Common to all the examples in this second set, were three component solutions specified below as D, E and F, to which unsaturated polyester was added in Examples 6 and 7 as specified below. The basic precursor composition was as follows, were the quantities are given as parts by weight:

Solution D:	Vylon 200	12.9 parts
	toluene	41.2 parts
	methyl ethyl ketone	38.2 parts
Solution E:	amino silicone M468	0.55 parts
	toluene	10.3 parts
Solution F:	Diepoxide 126	0.09 parts
	toluene	10.3 parts

Example 5

In this comparative example, no unsaturated polyester was added. Receiver sheets were prepared and printed as described above. The printed sheet had areas with dyecoat adhering to the surface, beginning in the 8 ms band.

Example 6

To the basic precursor composition was added Atlac 363E unsaturated polyester, in the amount of 3% by weight of the Vylon saturated polyester. The composition was then coated onto the receiver substrate, dried, cured and printed as described above. No adhesion of dyecoat to receiver surface was observed.

Example 7

This was a repeat of Example 6 except that the quantity of Atlac unsaturated polyester added was 10% by weight of the Vylon saturated polyester. The coat quality was inferior to that obtained at the lower level. When printed, the dyesheet only adhered to the receiver surface in a very small area there a wetting problem had occurred on coating, exposing the base.

Claims

1. A thermal transfer printing receiver comprising a substrate having a surface on which is supported a receiver coat, the latter comprising a dye-receptive material and a dye-permeable release agent, characterised in that the receiver coat also contains dissolved or dispersed therein a Bisphenol A-based unsaturated polyester.

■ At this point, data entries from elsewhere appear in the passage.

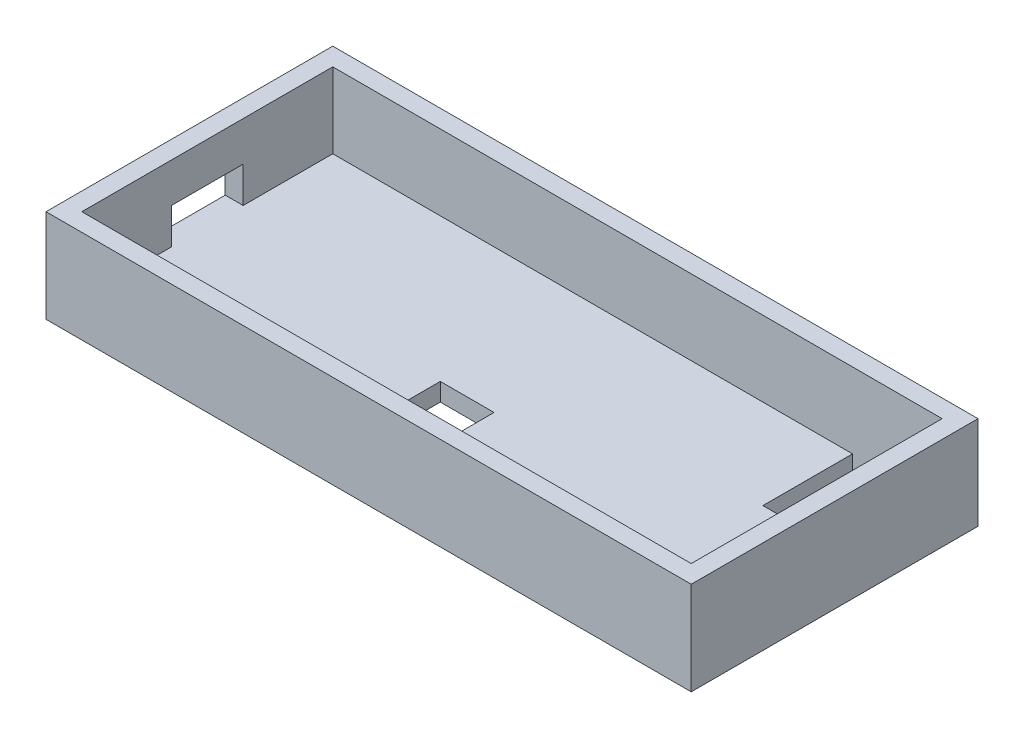
ISO-10303-21;
HEADER;
FILE_DESCRIPTION(('STEP AP214'),'2;1');
FILE_NAME('part.step','',(''),(''),'','','');
FILE_SCHEMA(('AUTOMOTIVE_DESIGN { 1 0 10303 214 1 1 1 1 }'));
ENDSEC;
DATA;
#1=APPLICATION_CONTEXT('core data for automotive mechanical design processes');
#2=APPLICATION_PROTOCOL_DEFINITION('international standard','automotive_design',2000,#1);
#3=PRODUCT_CONTEXT('',#1,'mechanical');
#4=PRODUCT('Part','Part','',(#3));
#5=PRODUCT_RELATED_PRODUCT_CATEGORY('part','',(#4));
#6=PRODUCT_DEFINITION_FORMATION('','',#4);
#7=PRODUCT_DEFINITION_CONTEXT('part definition',#1,'design');
#8=PRODUCT_DEFINITION('design','',#6,#7);
#9=PRODUCT_DEFINITION_SHAPE('','',#8);
#10=(LENGTH_UNIT() NAMED_UNIT(*) SI_UNIT(.MILLI.,.METRE.));
#11=(NAMED_UNIT(*) PLANE_ANGLE_UNIT() SI_UNIT($,.RADIAN.));
#12=(NAMED_UNIT(*) SI_UNIT($,.STERADIAN.) SOLID_ANGLE_UNIT());
#13=UNCERTAINTY_MEASURE_WITH_UNIT(LENGTH_MEASURE(1.E-05),#10,'distance_accuracy_value','');
#14=(GEOMETRIC_REPRESENTATION_CONTEXT(3) GLOBAL_UNCERTAINTY_ASSIGNED_CONTEXT((#13)) GLOBAL_UNIT_ASSIGNED_CONTEXT((#10,
#11,#12)) REPRESENTATION_CONTEXT('',''));
#15=CARTESIAN_POINT('',(0.,0.,0.));
#16=DIRECTION('',(0.,0.,1.));
#17=DIRECTION('',(1.,0.,0.));
#18=AXIS2_PLACEMENT_3D('',#15,#16,#17);
#19=CARTESIAN_POINT('',(-90.0000000000002,26.,0.));
#20=DIRECTION('',(1.,0.,0.));
#21=DIRECTION('',(0.,0.,-1.));
#22=AXIS2_PLACEMENT_3D('',#19,#20,#21);
#23=PLANE('',#22);
#24=DIRECTION('',(0.,0.,1.));
#25=VECTOR('',#24,1.);
#26=CARTESIAN_POINT('',(-90.0000000000002,0.,0.));
#27=LINE('',#26,#25);
#28=CARTESIAN_POINT('',(-90.0000000000002,0.,-40.0000000000001));
#29=VERTEX_POINT('',#28);
#30=CARTESIAN_POINT('',(-90.0000000000002,0.,39.9999999999999));
#31=VERTEX_POINT('',#30);
#32=EDGE_CURVE('E325',#29,#31,#27,.T.);
#33=ORIENTED_EDGE('',*,*,#32,.T.);
#34=DIRECTION('',(0.,-1.,0.));
#35=VECTOR('',#34,1.);
#36=CARTESIAN_POINT('',(-90.0000000000002,26.,39.9999999999999));
#37=LINE('',#36,#35);
#38=CARTESIAN_POINT('',(-90.0000000000002,26.,39.9999999999999));
#39=VERTEX_POINT('',#38);
#40=EDGE_CURVE('E350',#39,#31,#37,.T.);
#41=ORIENTED_EDGE('',*,*,#40,.F.);
#42=DIRECTION('',(0.,0.,1.));
#43=VECTOR('',#42,1.);
#44=CARTESIAN_POINT('',(-90.0000000000002,26.,0.));
#45=LINE('',#44,#43);
#46=CARTESIAN_POINT('',(-90.0000000000002,26.,-40.0000000000001));
#47=VERTEX_POINT('',#46);
#48=EDGE_CURVE('E296',#47,#39,#45,.T.);
#49=ORIENTED_EDGE('',*,*,#48,.F.);
#50=DIRECTION('',(0.,-1.,0.));
#51=VECTOR('',#50,1.);
#52=CARTESIAN_POINT('',(-90.0000000000002,26.,-40.0000000000001));
#53=LINE('',#52,#51);
#54=EDGE_CURVE('E353',#47,#29,#53,.T.);
#55=ORIENTED_EDGE('',*,*,#54,.T.);
#56=EDGE_LOOP('',(#33,#41,#49,#55));
#57=FACE_BOUND('',#56,.T.);
#58=DIRECTION('',(0.,-1.,0.));
#59=VECTOR('',#58,1.);
#60=CARTESIAN_POINT('',(-90.0000000000002,0.,10.));
#61=LINE('',#60,#59);
#62=CARTESIAN_POINT('',(-90.0000000000002,15.,10.));
#63=VERTEX_POINT('',#62);
#64=CARTESIAN_POINT('',(-90.0000000000002,5.,10.));
#65=VERTEX_POINT('',#64);
#66=EDGE_CURVE('E436',#63,#65,#61,.T.);
#67=ORIENTED_EDGE('',*,*,#66,.T.);
#68=DIRECTION('',(0.,0.,1.));
#69=VECTOR('',#68,1.);
#70=CARTESIAN_POINT('',(-90.0000000000002,5.,0.));
#71=LINE('',#70,#69);
#72=CARTESIAN_POINT('',(-90.0000000000002,5.,-9.99999999999998));
#73=VERTEX_POINT('',#72);
#74=EDGE_CURVE('E440',#73,#65,#71,.T.);
#75=ORIENTED_EDGE('',*,*,#74,.F.);
#76=DIRECTION('',(0.,-1.,0.));
#77=VECTOR('',#76,1.);
#78=CARTESIAN_POINT('',(-90.0000000000002,0.,-9.99999999999998));
#79=LINE('',#78,#77);
#80=CARTESIAN_POINT('',(-90.0000000000002,15.,-9.99999999999998));
#81=VERTEX_POINT('',#80);
#82=EDGE_CURVE('E83',#81,#73,#79,.T.);
#83=ORIENTED_EDGE('',*,*,#82,.F.);
#84=DIRECTION('',(0.,0.,1.));
#85=VECTOR('',#84,1.);
#86=CARTESIAN_POINT('',(-90.0000000000002,15.,0.));
#87=LINE('',#86,#85);
#88=EDGE_CURVE('E216',#81,#63,#87,.T.);
#89=ORIENTED_EDGE('',*,*,#88,.T.);
#90=EDGE_LOOP('',(#67,#75,#83,#89));
#91=FACE_BOUND('',#90,.T.);
#92=ADVANCED_FACE('F65',(#57,#91),#23,.F.);
#93=CARTESIAN_POINT('',(-85.0000000000002,26.,0.));
#94=DIRECTION('',(1.,0.,0.));
#95=DIRECTION('',(0.,0.,-1.));
#96=AXIS2_PLACEMENT_3D('',#93,#94,#95);
#97=PLANE('',#96);
#98=DIRECTION('',(0.,0.,1.));
#99=VECTOR('',#98,1.);
#100=CARTESIAN_POINT('',(-85.0000000000002,5.,0.));
#101=LINE('',#100,#99);
#102=CARTESIAN_POINT('',(-85.0000000000002,5.,10.));
#103=VERTEX_POINT('',#102);
#104=CARTESIAN_POINT('',(-85.0000000000002,5.,34.9999999999998));
#105=VERTEX_POINT('',#104);
#106=EDGE_CURVE('E225',#103,#105,#101,.T.);
#107=ORIENTED_EDGE('',*,*,#106,.F.);
#108=DIRECTION('',(0.,-1.,0.));
#109=VECTOR('',#108,1.);
#110=CARTESIAN_POINT('',(-85.0000000000002,0.,10.));
#111=LINE('',#110,#109);
#112=CARTESIAN_POINT('',(-85.0000000000002,15.,10.));
#113=VERTEX_POINT('',#112);
#114=EDGE_CURVE('E215',#113,#103,#111,.T.);
#115=ORIENTED_EDGE('',*,*,#114,.F.);
#116=DIRECTION('',(0.,0.,1.));
#117=VECTOR('',#116,1.);
#118=CARTESIAN_POINT('',(-85.0000000000002,15.,0.));
#119=LINE('',#118,#117);
#120=CARTESIAN_POINT('',(-85.0000000000002,15.,-9.99999999999998));
#121=VERTEX_POINT('',#120);
#122=EDGE_CURVE('E205',#121,#113,#119,.T.);
#123=ORIENTED_EDGE('',*,*,#122,.F.);
#124=DIRECTION('',(0.,-1.,0.));
#125=VECTOR('',#124,1.);
#126=CARTESIAN_POINT('',(-85.0000000000002,0.,-9.99999999999998));
#127=LINE('',#126,#125);
#128=CARTESIAN_POINT('',(-85.0000000000002,5.,-9.99999999999998));
#129=VERTEX_POINT('',#128);
#130=EDGE_CURVE('E200',#121,#129,#127,.T.);
#131=ORIENTED_EDGE('',*,*,#130,.T.);
#132=CARTESIAN_POINT('',(-85.0000000000002,5.,-35.0000000000002));
#133=VERTEX_POINT('',#132);
#134=EDGE_CURVE('E211',#133,#129,#101,.T.);
#135=ORIENTED_EDGE('',*,*,#134,.F.);
#136=DIRECTION('',(0.,-1.,0.));
#137=VECTOR('',#136,1.);
#138=CARTESIAN_POINT('',(-85.0000000000002,26.,-35.0000000000002));
#139=LINE('',#138,#137);
#140=CARTESIAN_POINT('',(-85.0000000000002,26.,-35.0000000000002));
#141=VERTEX_POINT('',#140);
#142=EDGE_CURVE('E338',#141,#133,#139,.T.);
#143=ORIENTED_EDGE('',*,*,#142,.F.);
#144=DIRECTION('',(0.,0.,1.));
#145=VECTOR('',#144,1.);
#146=CARTESIAN_POINT('',(-85.0000000000002,26.,0.));
#147=LINE('',#146,#145);
#148=CARTESIAN_POINT('',(-85.0000000000002,26.,34.9999999999998));
#149=VERTEX_POINT('',#148);
#150=EDGE_CURVE('E313',#141,#149,#147,.T.);
#151=ORIENTED_EDGE('',*,*,#150,.T.);
#152=DIRECTION('',(0.,-1.,0.));
#153=VECTOR('',#152,1.);
#154=CARTESIAN_POINT('',(-85.0000000000002,26.,34.9999999999998));
#155=LINE('',#154,#153);
#156=EDGE_CURVE('E341',#149,#105,#155,.T.);
#157=ORIENTED_EDGE('',*,*,#156,.T.);
#158=EDGE_LOOP('',(#107,#115,#123,#131,#135,#143,#151,#157));
#159=FACE_BOUND('',#158,.T.);
#160=ADVANCED_FACE('F210',(#159),#97,.T.);
#161=CARTESIAN_POINT('',(84.9999999999998,26.,0.));
#162=DIRECTION('',(1.,0.,0.));
#163=DIRECTION('',(0.,0.,-1.));
#164=AXIS2_PLACEMENT_3D('',#161,#162,#163);
#165=PLANE('',#164);
#166=DIRECTION('',(0.,-1.,0.));
#167=VECTOR('',#166,1.);
#168=CARTESIAN_POINT('',(84.9999999999998,5.,-10.0000000000002));
#169=LINE('',#168,#167);
#170=CARTESIAN_POINT('',(84.9999999999998,5.,-10.0000000000002));
#171=VERTEX_POINT('',#170);
#172=CARTESIAN_POINT('',(84.9999999999998,0.,-10.0000000000002));
#173=VERTEX_POINT('',#172);
#174=EDGE_CURVE('E272',#171,#173,#169,.T.);
#175=ORIENTED_EDGE('',*,*,#174,.F.);
#176=DIRECTION('',(0.,0.,1.));
#177=VECTOR('',#176,1.);
#178=CARTESIAN_POINT('',(84.9999999999998,5.,0.));
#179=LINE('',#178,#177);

2. A thermal transfer printing receiver as claimed in claim 1, characterised in that the unsaturated polyester comprises an alkoxylated Bisphenol A polyester.

3. A thermal transfer printing receiver as claimed in claim 2, characterised in that the unsaturated polyester comprises a polyester of ethoxylated Bisphenol A and fumaric acid.

4. A thermal transfer printing receiver as claimed in claim 1, characterised in that the unsaturated polyester contains a polyfunctional constituent which on polyesterification provides the unsaturated polyester with a degree of crosslinking.

5. A thermal transfer printing receiver as claimed in claim 4, characterised in that a small proportion of the Bisphenol A component of the unsaturated polyester is replaced by a polyhydric alcohol having a functionality greater than two, thereby to provide the crosslinking in the unsaturated polyester.

6. A thermal transfer printing receiver as claimed in any one of the preceding claims, characterised in that the quantity of unsaturated polyester is within the range 1-10% by weight of the dye-receptive material.

7. A thermal transfer printing receiver as claimed in claim 1, characterised in that the dye-receptive material is a saturated polyester.

8. A thermal transfer printing receiver as claimed in claim 1, characterised in that the release agent is a cross-linked silicone polymer.